(Source information Opens)

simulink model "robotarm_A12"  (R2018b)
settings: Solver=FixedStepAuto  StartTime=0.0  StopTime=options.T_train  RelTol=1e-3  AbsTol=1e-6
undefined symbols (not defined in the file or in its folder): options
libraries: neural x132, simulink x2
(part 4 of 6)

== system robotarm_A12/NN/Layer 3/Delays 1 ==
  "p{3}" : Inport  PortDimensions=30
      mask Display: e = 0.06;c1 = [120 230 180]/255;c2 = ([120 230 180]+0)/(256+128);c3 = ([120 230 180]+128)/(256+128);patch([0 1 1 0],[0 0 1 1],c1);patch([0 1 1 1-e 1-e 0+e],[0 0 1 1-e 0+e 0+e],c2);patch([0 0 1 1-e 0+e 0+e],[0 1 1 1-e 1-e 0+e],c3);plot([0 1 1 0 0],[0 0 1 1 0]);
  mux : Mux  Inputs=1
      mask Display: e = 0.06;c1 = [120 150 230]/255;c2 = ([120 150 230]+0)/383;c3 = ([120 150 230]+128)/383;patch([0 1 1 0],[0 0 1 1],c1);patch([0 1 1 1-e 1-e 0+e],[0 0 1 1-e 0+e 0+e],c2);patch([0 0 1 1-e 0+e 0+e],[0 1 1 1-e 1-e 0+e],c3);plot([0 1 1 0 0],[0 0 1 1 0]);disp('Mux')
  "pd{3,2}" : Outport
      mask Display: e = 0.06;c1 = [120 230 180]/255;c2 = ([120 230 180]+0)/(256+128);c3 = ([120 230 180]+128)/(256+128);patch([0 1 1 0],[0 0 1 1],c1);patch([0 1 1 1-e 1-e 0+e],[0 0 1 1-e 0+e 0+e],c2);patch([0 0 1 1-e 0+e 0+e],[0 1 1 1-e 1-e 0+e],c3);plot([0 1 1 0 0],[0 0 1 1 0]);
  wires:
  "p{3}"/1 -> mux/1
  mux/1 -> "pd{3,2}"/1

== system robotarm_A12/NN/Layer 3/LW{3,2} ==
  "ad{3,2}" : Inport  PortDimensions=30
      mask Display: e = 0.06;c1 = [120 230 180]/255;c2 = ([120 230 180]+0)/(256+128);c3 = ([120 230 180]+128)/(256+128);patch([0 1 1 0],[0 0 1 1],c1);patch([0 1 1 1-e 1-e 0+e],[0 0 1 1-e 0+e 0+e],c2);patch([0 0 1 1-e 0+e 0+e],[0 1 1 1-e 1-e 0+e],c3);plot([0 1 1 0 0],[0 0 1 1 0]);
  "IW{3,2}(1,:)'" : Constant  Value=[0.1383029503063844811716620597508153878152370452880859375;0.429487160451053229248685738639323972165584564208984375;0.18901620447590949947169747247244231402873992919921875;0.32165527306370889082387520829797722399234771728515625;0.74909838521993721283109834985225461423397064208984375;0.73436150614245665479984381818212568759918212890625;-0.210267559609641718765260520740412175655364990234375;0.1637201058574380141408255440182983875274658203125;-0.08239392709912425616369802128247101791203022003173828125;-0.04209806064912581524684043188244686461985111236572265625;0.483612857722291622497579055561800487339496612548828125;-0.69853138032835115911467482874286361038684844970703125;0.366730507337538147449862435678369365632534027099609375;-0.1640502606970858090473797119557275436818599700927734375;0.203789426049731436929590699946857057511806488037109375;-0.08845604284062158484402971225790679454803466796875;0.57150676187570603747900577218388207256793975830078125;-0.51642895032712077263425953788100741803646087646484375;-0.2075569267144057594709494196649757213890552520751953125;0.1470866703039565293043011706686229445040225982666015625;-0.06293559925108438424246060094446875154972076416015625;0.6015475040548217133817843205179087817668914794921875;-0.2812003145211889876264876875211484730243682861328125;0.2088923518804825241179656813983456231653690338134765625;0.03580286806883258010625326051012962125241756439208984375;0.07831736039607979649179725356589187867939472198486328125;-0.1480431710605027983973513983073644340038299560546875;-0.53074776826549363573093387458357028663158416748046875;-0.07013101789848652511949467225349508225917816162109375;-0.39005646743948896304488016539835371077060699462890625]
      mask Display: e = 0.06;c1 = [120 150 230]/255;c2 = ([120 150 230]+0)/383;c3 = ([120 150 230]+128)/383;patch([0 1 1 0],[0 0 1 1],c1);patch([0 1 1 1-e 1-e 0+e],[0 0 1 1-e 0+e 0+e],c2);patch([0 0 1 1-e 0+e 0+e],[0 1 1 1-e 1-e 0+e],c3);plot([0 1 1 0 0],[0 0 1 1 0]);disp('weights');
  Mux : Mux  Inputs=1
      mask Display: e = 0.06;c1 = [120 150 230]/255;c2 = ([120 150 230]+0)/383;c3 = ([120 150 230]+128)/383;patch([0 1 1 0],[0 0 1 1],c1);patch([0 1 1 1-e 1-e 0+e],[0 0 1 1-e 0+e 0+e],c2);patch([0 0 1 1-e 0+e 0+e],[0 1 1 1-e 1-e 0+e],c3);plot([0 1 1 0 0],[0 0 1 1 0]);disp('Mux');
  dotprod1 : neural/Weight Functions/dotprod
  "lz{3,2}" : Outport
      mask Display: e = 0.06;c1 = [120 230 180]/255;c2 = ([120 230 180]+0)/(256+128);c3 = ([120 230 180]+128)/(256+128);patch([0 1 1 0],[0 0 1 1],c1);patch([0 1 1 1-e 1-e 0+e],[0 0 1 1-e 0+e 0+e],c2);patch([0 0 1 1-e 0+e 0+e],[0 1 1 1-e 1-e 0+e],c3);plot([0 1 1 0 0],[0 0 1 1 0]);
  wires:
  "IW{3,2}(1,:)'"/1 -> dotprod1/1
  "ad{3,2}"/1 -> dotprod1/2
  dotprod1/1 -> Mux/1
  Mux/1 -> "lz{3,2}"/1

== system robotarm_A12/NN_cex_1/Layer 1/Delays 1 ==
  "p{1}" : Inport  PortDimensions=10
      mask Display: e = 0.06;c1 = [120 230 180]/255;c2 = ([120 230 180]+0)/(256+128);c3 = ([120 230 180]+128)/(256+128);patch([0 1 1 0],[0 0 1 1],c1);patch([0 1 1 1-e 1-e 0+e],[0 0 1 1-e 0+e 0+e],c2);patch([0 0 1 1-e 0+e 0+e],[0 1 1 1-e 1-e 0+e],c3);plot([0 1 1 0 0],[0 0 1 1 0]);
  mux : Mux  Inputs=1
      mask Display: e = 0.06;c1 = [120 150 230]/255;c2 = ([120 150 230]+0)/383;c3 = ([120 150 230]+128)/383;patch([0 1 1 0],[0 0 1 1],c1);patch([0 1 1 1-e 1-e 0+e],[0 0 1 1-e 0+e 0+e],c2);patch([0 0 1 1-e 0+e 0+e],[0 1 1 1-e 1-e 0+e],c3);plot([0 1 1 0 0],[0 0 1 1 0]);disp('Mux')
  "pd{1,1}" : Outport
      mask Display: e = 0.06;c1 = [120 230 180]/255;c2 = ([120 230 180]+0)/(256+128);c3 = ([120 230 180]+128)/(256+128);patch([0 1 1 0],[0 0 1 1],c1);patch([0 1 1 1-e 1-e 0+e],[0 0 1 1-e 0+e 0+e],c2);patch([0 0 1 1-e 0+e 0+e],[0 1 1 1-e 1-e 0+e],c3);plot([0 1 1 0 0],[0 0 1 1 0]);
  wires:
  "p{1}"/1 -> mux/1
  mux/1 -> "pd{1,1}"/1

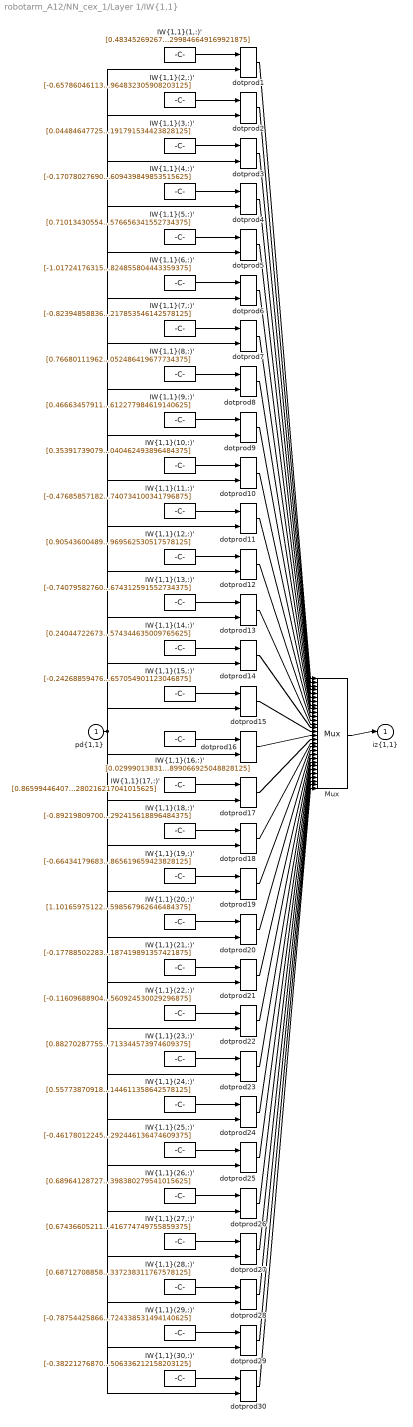
== system robotarm_A12/NN_cex_1/Layer 1/IW{1,1} ==
  "pd{1,1}" : Inport  PortDimensions=10
      mask Display: e = 0.06;c1 = [120 230 180]/255;c2 = ([120 230 180]+0)/(256+128);c3 = ([120 230 180]+128)/(256+128);patch([0 1 1 0],[0 0 1 1],c1);patch([0 1 1 1-e 1-e 0+e],[0 0 1 1-e 0+e 0+e],c2);patch([0 0 1 1-e 0+e 0+e],[0 1 1 1-e 1-e 0+e],c3);plot([0 1 1 0 0],[0 0 1 1 0]);
  "IW{1,1}(1,:)'" : Constant  Value=[0.4834526926789930456607180531136691570281982421875;-0.72644020956216104334401961750700138509273529052734375;0.6324505417251931049804625217802822589874267578125;-0.479360089533674316175648755233851261436939239501953125;0.62401522634030126557291850986075587570667266845703125;-0.32351142921760545068110559441265650093555450439453125;0.6698035013946872506807039826526306569576263427734375;-0.7690799010562889836961630862788297235965728759765625;-0.48612975307962502657943559825071133673191070556640625;-0.7473148686759862879824822812224738299846649169921875]
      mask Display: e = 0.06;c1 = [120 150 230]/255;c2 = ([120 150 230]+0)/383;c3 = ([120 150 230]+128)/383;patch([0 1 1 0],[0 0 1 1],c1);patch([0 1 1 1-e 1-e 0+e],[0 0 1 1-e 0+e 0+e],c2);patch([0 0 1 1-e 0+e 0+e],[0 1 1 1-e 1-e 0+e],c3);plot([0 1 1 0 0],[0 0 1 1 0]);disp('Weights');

(Source information Closes)

* Exercise:
Every line where "Layer" appears must be returned from the listing above.

* Finished exercise:
== system robotarm_A12/NN/Layer 3/Delays 1 ==
== system robotarm_A12/NN/Layer 3/LW{3,2} ==
== system robotarm_A12/NN_cex_1/Layer 1/Delays 1 ==
== system robotarm_A12/NN_cex_1/Layer 1/IW{1,1} ==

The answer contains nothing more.